Masha Fedzechkina, Eleonora Gualdoni, Sinead Williamson, Katherine Metcalf, Skyler Seto, Barry-John Theobald

Outline

This paper presents a novel approach to study how well representations of large-scale language models (LLMs) match human representations. We use activation steering to identify neurons for specific concepts (e.g., “cat”) and analyze their activation patterns. We show that the LLM representations captured in this way are very similar to human representations inferred from behavioral data, and are consistent with human-to-human agreement.
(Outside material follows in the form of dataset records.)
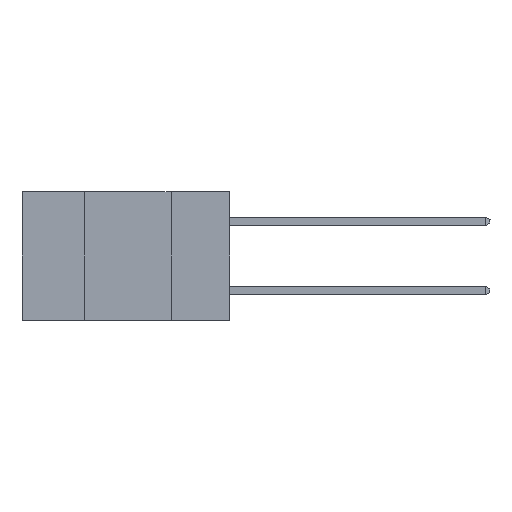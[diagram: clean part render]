
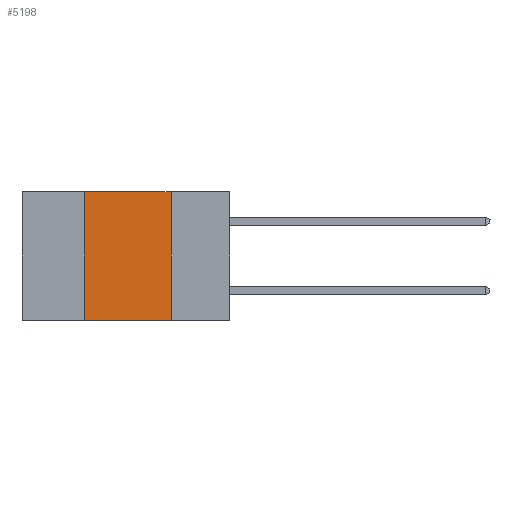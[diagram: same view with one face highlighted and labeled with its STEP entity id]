
A CAD part, left-side view. The second image highlights one B-rep face of the part: STEP entity #5198.
In plain terms, the highlighted planar face has unit normal (-1, 0, 0).
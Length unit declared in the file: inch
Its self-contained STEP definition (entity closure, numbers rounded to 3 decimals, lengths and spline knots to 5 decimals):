
#565 = LINE ( 'NONE', #10246, #22592 ) ;
#1840 = ORIENTED_EDGE ( 'NONE', *, *, #2680, .T. ) ;
#2680 = EDGE_CURVE ( 'NONE', #25218, #14284, #11126, .T. ) ;
#3339 = VERTEX_POINT ( 'NONE', #11930 ) ;
#3383 = DIRECTION ( 'NONE',  ( 0., -1., 0. ) ) ;
#5198 = ADVANCED_FACE ( 'NONE', ( #9986 ), #16298, .F. ) ;
#5413 = VECTOR ( 'NONE', #11667, 39.37008 ) ;
#5724 = DIRECTION ( 'NONE',  ( 0., 0., -1. ) ) ;
#8107 = DIRECTION ( 'NONE',  ( 0., 0., -1. ) ) ;
#9425 = VECTOR ( 'NONE', #3383, 39.37008 ) ;
#9464 = AXIS2_PLACEMENT_3D ( 'NONE', #16388, #18506, #5724 ) ;
#9548 = CARTESIAN_POINT ( 'NONE',  ( 0., 0.6, -0.37 ) ) ;
#9986 = FACE_OUTER_BOUND ( 'NONE', #23950, .T. ) ;
#10246 = CARTESIAN_POINT ( 'NONE',  ( 0., 0.17, 0. ) ) ;
#10333 = CARTESIAN_POINT ( 'NONE',  ( 0., 0.42, 0. ) ) ;
#11126 = LINE ( 'NONE', #9548, #5413 ) ;
#11667 = DIRECTION ( 'NONE',  ( 0., -1., 0. ) ) ;
#11911 = CARTESIAN_POINT ( 'NONE',  ( 0., 0.17, -0.37 ) ) ;
#11930 = CARTESIAN_POINT ( 'NONE',  ( 0., 0.17, 0. ) ) ;
#11952 = ORIENTED_EDGE ( 'NONE', *, *, #15715, .F. ) ;
#12605 = ORIENTED_EDGE ( 'NONE', *, *, #24601, .F. ) ;
#14066 = CARTESIAN_POINT ( 'NONE',  ( 0., 0.6, 0. ) ) ;
#14284 = VERTEX_POINT ( 'NONE', #11911 ) ;
#14934 = CARTESIAN_POINT ( 'NONE',  ( 0., 0.42, -0.37 ) ) ;
#15052 = LINE ( 'NONE', #14066, #9425 ) ;
#15139 = LINE ( 'NONE', #10333, #25619 ) ;
#15715 = EDGE_CURVE ( 'NONE', #21361, #3339, #15052, .T. ) ;
#16298 = PLANE ( 'NONE',  #9464 ) ;
#16388 = CARTESIAN_POINT ( 'NONE',  ( 0., 0.6, 0. ) ) ;
#18506 = DIRECTION ( 'NONE',  ( 1., 0., 0. ) ) ;
#18980 = EDGE_CURVE ( 'NONE', #3339, #14284, #565, .T. ) ;
#21361 = VERTEX_POINT ( 'NONE', #23565 ) ;
#22528 = ORIENTED_EDGE ( 'NONE', *, *, #18980, .F. ) ;
#22592 = VECTOR ( 'NONE', #8107, 39.37008 ) ;
#23565 = CARTESIAN_POINT ( 'NONE',  ( 0., 0.42, 0. ) ) ;
#23950 = EDGE_LOOP ( 'NONE', ( #22528, #11952, #12605, #1840 ) ) ;
#24601 = EDGE_CURVE ( 'NONE', #25218, #21361, #15139, .T. ) ;
#25083 = DIRECTION ( 'NONE',  ( 0., 0., 1. ) ) ;
#25218 = VERTEX_POINT ( 'NONE', #14934 ) ;
#25619 = VECTOR ( 'NONE', #25083, 39.37008 ) ;

The agreement is much higher than word embeddings, which have been used in previous studies, and demonstrate that LLMs organize concepts in a human-like manner.

Takeaways, Limitations

Takeaways:
We present a novel method to quantitatively measure the level of alignment between LLM representations and human representations.
We verify alignment between LLM and human representations at a higher level than word embeddings.
LLM demonstrates that the brain organizes concepts in a human-like manner.
A more detailed analysis of the conceptual representation of LLM is possible.
Limitations:
Since it relies on activation steering techniques, verification of the accuracy of neuron identification for specific concepts is required.
The analysis may be limited to specific LLMs and specific concepts. Further research is needed to determine generalizability.
__T5070_____ of human representation inference from behavioral data should be considered.